┌─ Materials provided
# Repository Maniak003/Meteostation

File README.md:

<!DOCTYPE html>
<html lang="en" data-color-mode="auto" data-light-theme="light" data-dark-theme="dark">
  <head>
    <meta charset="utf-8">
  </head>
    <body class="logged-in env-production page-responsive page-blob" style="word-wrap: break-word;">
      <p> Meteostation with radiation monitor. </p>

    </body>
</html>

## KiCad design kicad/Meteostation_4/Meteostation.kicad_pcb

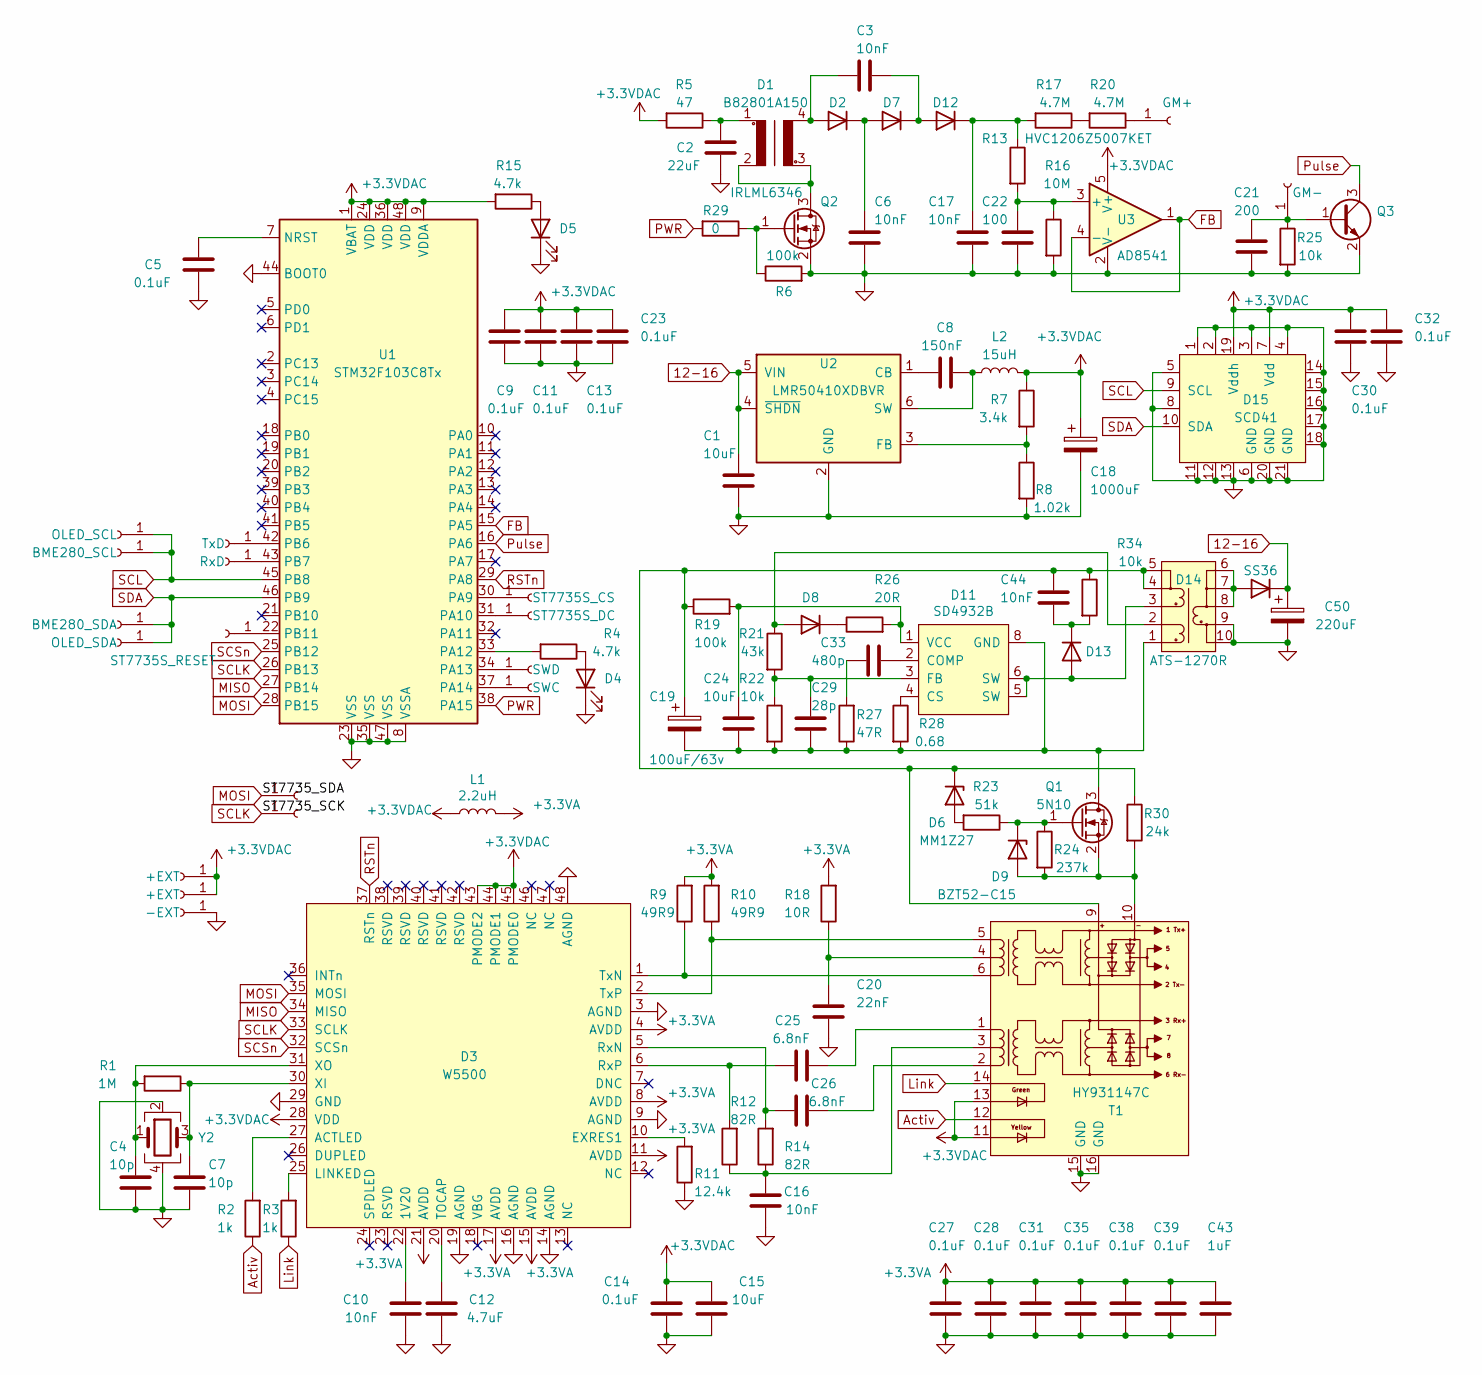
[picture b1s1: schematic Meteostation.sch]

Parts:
C1, C24: 10uF; C_0805_2012Metric
C2: 22uF; C_0805_2012Metric
C3, C6, C17: 10nF; C_1206_3216Metric
C4, C7: 10p; C_0402_1005Metric
C5, C14, C27, C28, C31, C35, C38, C39: 0.1uF; C_0402_1005Metric
C8: 150nF; C_0603_1608Metric
C9, C11, C13, C30, C32: 0.1uF; C_0603_1608Metric
C10: 10nF; C_0402_1005Metric
C12: 4.7uF; C_0402_1005Metric
C15: 10uF; C_0603_1608Metric
C16, C44: 10nF; C_0603_1608Metric
C18: 1000uF; CP_EIA-7343-15_Kemet-W
C19: 100uF/63v; CAP_horizontal
C20: 22nF; C_0603_1608Metric
C21: 200; C_0402_1005Metric
C22: 100; C_0402_1005Metric
C23: 0.1uF; C_0805_2012Metric
C25, C26: 6.8nF; C_0402_1005Metric
C29: 28p; C_0603_1608Metric
C33: 480p; C_0603_1608Metric
C43: 1uF; C_0402_1005Metric
C50: 220uF; CP_EIA-7343-15_Kemet-W
D1: B82801A150; B82801A1
D2, D7, D12: D; D_SOD-123
D3: W5500; LQFP-48_7x7mm_P0.5mm
D4, D5: LED; LED_0603_1608Metric
D6: MM1Z27; D_SOD-123
D8, D13: FR107W F7; D_SOD-123F
D9: BZT52-C15; D_SOD-123
D11: SD4932B; SOIC-8-N7_3.9x4.9mm_P1.27mm
D14: ATS-1270R; DA2257
D15: SCD41
D16: SS36; D_SMA
J1: TxD; ConnMini
J2: RxD; ConnMini
J3: BME280_SCL; SMD-CONN
J4: BME280_SDA; SMD-CONN
J5: +EXT; ConnMini
J6: +EXT; SMD-CONN
J7: -EXT; SMD-CONN
J8: mosi; ConnMini
J9: sclk; ConnMini
J10: GM+; SMD-CONN
J11: GM-; SMD-CONN
J12: SWD; ConnMini
J13: SWC; ConnMini
J14: ST7735S_CS; mini_conn
J15: OLED_SCL; SMD-CONN
J16: OLED_SDA; SMD-CONN
J17: ST7735S_DC; mini_conn
J18: ST7735S_RESET; mini_conn
L1: 2.2uH; L_0805_2012Metric
L2: 15uH; L_Abracon_ASPI-0630LR
Q1: 5N10; SOT-23
Q2: IRLML6346; SOT-23
Q3: Q_NPN_BEC; SOT-23
R1: 1M; R_0402_1005Metric
R2, R3: 1k; R_0402_1005Metric
R4: 4.7k; R_0402_1005Metric
R5: 47; R_1206_3216Metric
R6, R19: 100k; R_0603_1608Metric
R7: 3.4k; R_0603_1608Metric
R8: 1.02k; R_0603_1608Metric
R9, R10: 49R9; R_0603_1608Metric
R11: 12.4k; R_0402_1005Metric
R12, R14: 82R; R_0402_1005Metric
R13: HVC1206Z5007KET; R_1206_3216Metric
R15: 4.7k; R_0603_1608Metric
R16: 10M; R_0402_1005Metric
R17, R20: 4.7M; R_0603_1608Metric
R18: 10R; R_0603_1608Metric
R21: 43k; R_0603_1608Metric
R22, R34: 10k; R_0603_1608Metric
R23: 51k; R_0603_1608Metric
R24: 237k; R_0603_1608Metric
R25: 10k; R_0402_1005Metric
R26: 20R; R_0603_1608Metric
R27: 47R; R_0603_1608Metric
R28: 0.68; R_0603_1608Metric
R29: 0; R_1206_3216Metric
R30: 24k; R_0603_1608Metric
T1: HY931147C
U1: STM32F103C8Tx; LQFP-48_7x7mm_P0.5mm
U2: LMR50410XDBVR; SOT-23-6
U3: AD8541; TSOT-23-5
Y2: ECS-250-20-33 25MHz; Crystal_SMD_SeikoEpson_FA238-4Pin_3.2x2.5mm

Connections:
12-16: C1.1, C50.1, D16.1 (K), U2.4 (~SHDN), U2.5 (VIN)
+3.3VA: C27.1, C28.1, C31.1, C35.1, C38.1, C39.1, C43.1, D3.4 (AVDD), D3.8 (AVDD), D3.11 (AVDD), D3.15 (AVDD), D3.17 (AVDD), D3.21 (AVDD), L1.2, R9.2, R10.2, R18.2
+3.3VDAC: C9.1, C11.1, C13.1, C14.2, C15.2, C18.1, C23.1, C30.1, C32.1, D3.28 (VDD), D3.43 (PMODE2), D3.44 (PMODE1), D3.45 (PMODE0), D15.7 (Vdd), D15.19 (Vddh), J5.1, J6.1, L1.1, L2.2, R5.2, R7.1, R15.2, T1.11, T1.13, U1.1 (VBAT), U1.9 (VDDA), U1.24 (VDD), U1.36 (VDD), U1.48 (VDD), U3.5 (V+)
Activ: R2.1, T1.12
FB: U1.15 (PA5), U3.1, U3.4 (-)
GND: C1.2, C2.2, C4.2, C5.1, C6.2, C7.2, C9.2, C10.1, C11.2, C12.1, C13.2, C14.1, C15.1, C16.1, C17.2, C18.2, C20.2, C21.1, C22.1, C23.2, C27.2, C28.2, C30.2, C31.2, C32.2, C35.2, C38.2, C39.2, C43.2, C50.2, D3.3 (AGND), D3.9 (AGND), D3.14 (AGND), D3.16 (AGND), D3.19 (AGND), D3.29 (GND), D3.48 (AGND), D4.1 (K), D5.1 (K), D14.9, D14.10, D15.1, D15.2, D15.3, D15.4, D15.5, D15.6 (GND), D15.8, D15.11, D15.12, D15.13, D15.14, D15.15, D15.16, D15.17, D15.18, D15.20 (GND), D15.21 (GND), J7.1, Q2.2 (S), Q3.2 (E), R6.2, R8.2, R11.1, R16.2, R25.2, T1.15 (GND), T1.16 (GND), U1.8 (VSSA), U1.23 (VSS), U1.35 (VSS), U1.44 (BOOT0), U1.47 (VSS), U2.2 (GND), U3.2 (V-), Y2.2, Y2.4
Link: R3.1, T1.14
MISO: D3.34 (MISO), U1.27 (PB14)
MOSI: D3.35 (MOSI), J8.1, U1.28 (PB15)
unnamed: C2.1, D1.1, R5.1
unnamed: C16.2, R12.1, R14.1, T1.3
unnamed: C20.1, R18.1, T1.4
unnamed: C25.2, T1.1
unnamed: C26.2, T1.2
unnamed: C33.2, R27.2
unnamed: C3.2, D1.4, D2.2 (A)
unnamed: C6.1, D2.1 (K), D7.2 (A)
unnamed: C10.2, D3.22 (1V20)
unnamed: D3.27 (ACTLED), R2.2
unnamed: D3.10 (EXRES1), R11.2
unnamed: D3.25 (LINKED), R3.2
unnamed: C26.1, D3.5 (RxN), R14.2
unnamed: C25.1, D3.6 (RxP), R12.2
unnamed: C12.2, D3.20 (TOCAP)
unnamed: D3.1 (TxN), R9.1, T1.6
unnamed: D3.2 (TxP), R10.1, T1.5
unnamed: C7.1, D3.30 (XI), R1.1, Y2.3
unnamed: C4.1, D3.31 (XO), R1.2, Y2.1
unnamed: D4.2 (A), R4.1
unnamed: D5.2 (A), R15.1
unnamed: D6.2 (A), R23.2
unnamed: C19.1, C44.1, D6.1 (K), D14.4, D14.5, R19.1, R30.1, R34.1, T1.9
unnamed: D8.2 (A), D14.2, R21.1
unnamed: D8.1 (K), R26.1
unnamed: D9.2 (A), Q1.2 (S), R24.2, R30.2, T1.10
unnamed: D9.1 (K), Q1.1 (G), R23.1, R24.1
unnamed: C33.1, D11.2 (COMP)
unnamed: D11.4 (CS), R28.1
unnamed: C29.1, D11.3 (FB), R21.2, R22.1
unnamed: C19.2, C24.2, C29.2, D11.8 (GND), D14.1, Q1.3 (D), R22.2, R27.1, R28.2
unnamed: C24.1, D11.1 (VCC), R19.2, R26.2
unnamed: C3.1, D7.1 (K), D12.2 (A)
unnamed: C17.1, D12.1 (K), R13.1, R17.2
unnamed: D11.5 (SW), D11.6 (SW), D13.2 (A), D14.3
unnamed: C44.2, D13.1 (K), R34.2
unnamed: D14.6, D14.7, D14.8, D16.2 (A)
unnamed: J1.1, U1.42 (PB6)
unnamed: J2.1, U1.43 (PB7)
unnamed: J10.1, R20.1
unnamed: C21.2, J11.1, Q3.1 (B), R25.1
unnamed: J12.1, U1.34 (PA13)
unnamed: J13.1, U1.37 (PA14)
unnamed: J14.1, U1.30 (PA9)
unnamed: J17.1, U1.31 (PA10)
unnamed: J18.1, U1.22 (PB11)
unnamed: D1.2, D1.3, Q2.3 (D)
unnamed: Q2.1 (G), R6.1, R29.1
unnamed: R17.1, R20.2
unnamed: C5.2, U1.7 (NRST)
unnamed: R4.2, U1.33 (PA12)
unnamed: C8.1, U2.1 (CB)
unnamed: R7.2, R8.1, U2.3 (FB)
unnamed: C8.2, L2.1, U2.6 (SW)
unnamed: C22.2, R13.2, R16.1, U3.3 (+)
PWR: R29.2, U1.38 (PA15)
Pulse: Q3.3 (C), U1.16 (PA6)
RSTn: D3.37 (RSTn), U1.29 (PA8)
SCL: D15.9 (SCL), J3.1, J15.1, U1.45 (PB8)
SCLK: D3.33 (SCLK), J9.1, U1.26 (PB13)
SCSn: D3.32 (SCSn), U1.25 (PB12)
SDA: D15.10 (SDA), J4.1, J16.1, U1.46 (PB9)

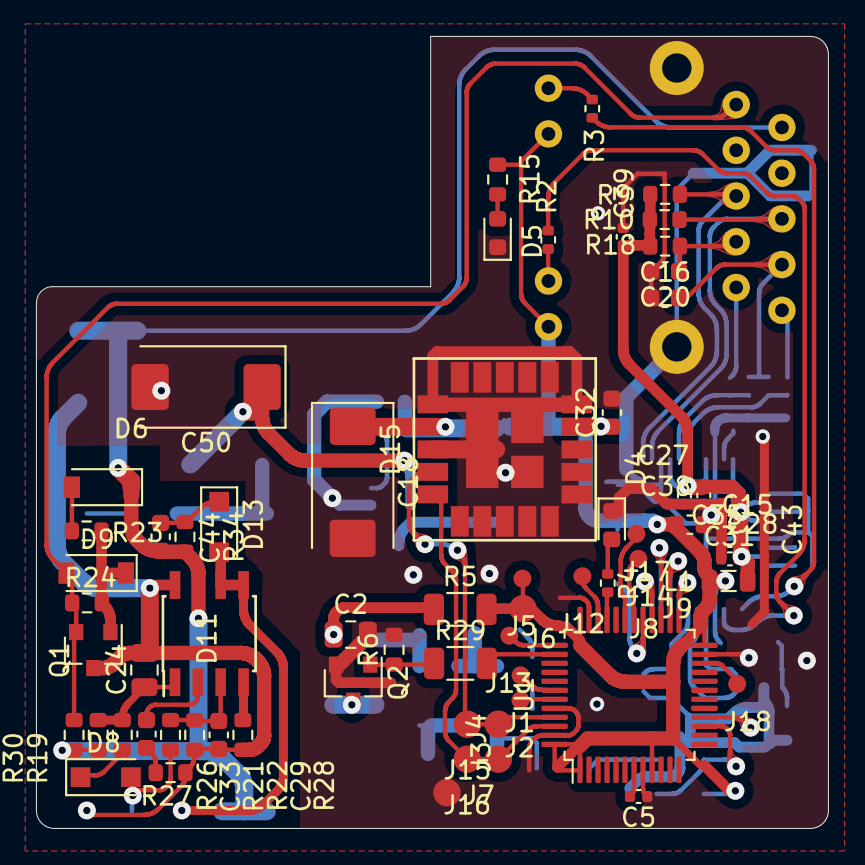
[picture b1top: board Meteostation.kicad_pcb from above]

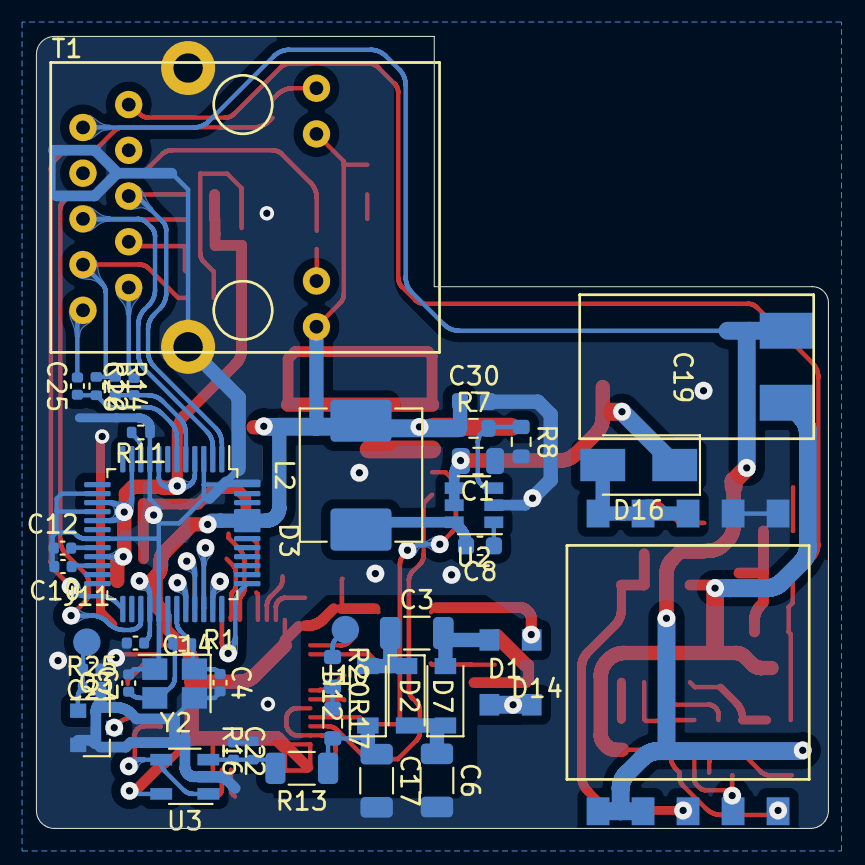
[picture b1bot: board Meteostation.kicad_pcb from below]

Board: 2 copper layers, 44.0 x 44.0 mm, 109 parts (42 on the bottom side), 71 nets.

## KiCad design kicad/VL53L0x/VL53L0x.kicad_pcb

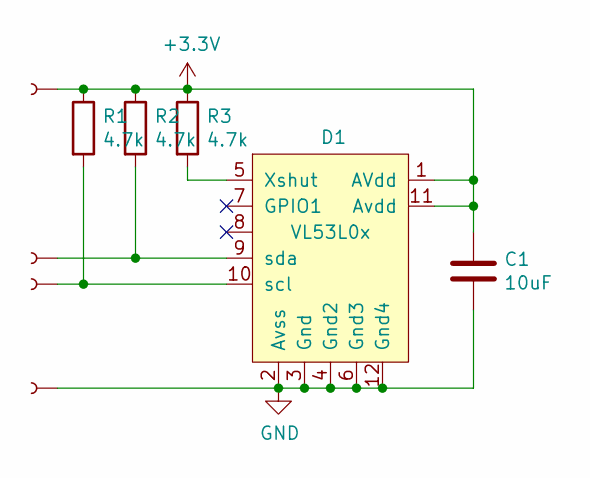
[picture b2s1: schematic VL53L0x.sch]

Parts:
C1: 10uF; C_0402_1005Metric
D1: VL53L0x
J1, J2, J3, J4: Conn; ConnMini
R1, R2, R3: 4.7k; R_0402_1005Metric

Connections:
+3V3: C1.1, D1.1 (AVdd), D1.11 (Avdd), J1.1, R1.1, R2.1, R3.1
GND: C1.2, D1.2 (Avss), D1.3 (Gnd), D1.4 (Gnd2), D1.6 (Gnd3), D1.12 (Gnd4), J4.1
unnamed: D1.5 (Xshut), R3.2
unnamed: D1.9 (sda), J2.1, R2.2
unnamed: D1.10 (scl), J3.1, R1.2

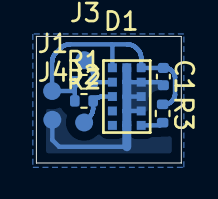
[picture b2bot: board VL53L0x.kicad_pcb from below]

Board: 2 copper layers, 8.1 x 7.0 mm, 9 parts (9 on the bottom side), 5 nets.

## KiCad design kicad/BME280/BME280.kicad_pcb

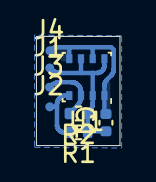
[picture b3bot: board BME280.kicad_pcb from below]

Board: 2 copper layers, 4.6 x 6.1 mm, 8 parts (8 on the bottom side), 4 nets.

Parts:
C1: 0.1uF; C_0402_1005Metric
J1, J2, J3, J4: Conn; ConnMini
R1, R2: 5.1k; R_0402_1005Metric
U1: BME280; Bosch_LGA-8_2.5x2.5mm_P0.65mm_ClockwisePinNumbering

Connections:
Gnd: C1.2, J4.1, U1.1, U1.5, U1.7
SCL: J2.1, R1.2, U1.4
SDA: J3.1, R2.2, U1.3
Vcc: C1.1, J1.1, R1.1, R2.1, U1.2, U1.6, U1.8

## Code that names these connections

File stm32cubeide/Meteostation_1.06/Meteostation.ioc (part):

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Mcu.UserName=STM32F103C8Tx
PA12.GPIOParameters=GPIO_Speed,PinState,GPIO_Label
PA9.GPIOParameters=GPIO_Label
PA6.GPIO_Label=PULSE_GM
PB11.Signal=GPIO_Output
PB15.Signal=SPI2_MOSI
PB13.Signal=SPI2_SCK
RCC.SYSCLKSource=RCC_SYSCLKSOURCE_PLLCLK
└─
What to produce
In the entries above, restate word for word the lines between the one holding "J14: ST7735S_CS; mini_conn" and the one holding "Q2: IRLML6346; SOT-23", inclusive, and nothing besides.

Expected answer
J14: ST7735S_CS; mini_conn
J15: OLED_SCL; SMD-CONN
J16: OLED_SDA; SMD-CONN
J17: ST7735S_DC; mini_conn
J18: ST7735S_RESET; mini_conn
L1: 2.2uH; L_0805_2012Metric
L2: 15uH; L_Abracon_ASPI-0630LR
Q1: 5N10; SOT-23
Q2: IRLML6346; SOT-23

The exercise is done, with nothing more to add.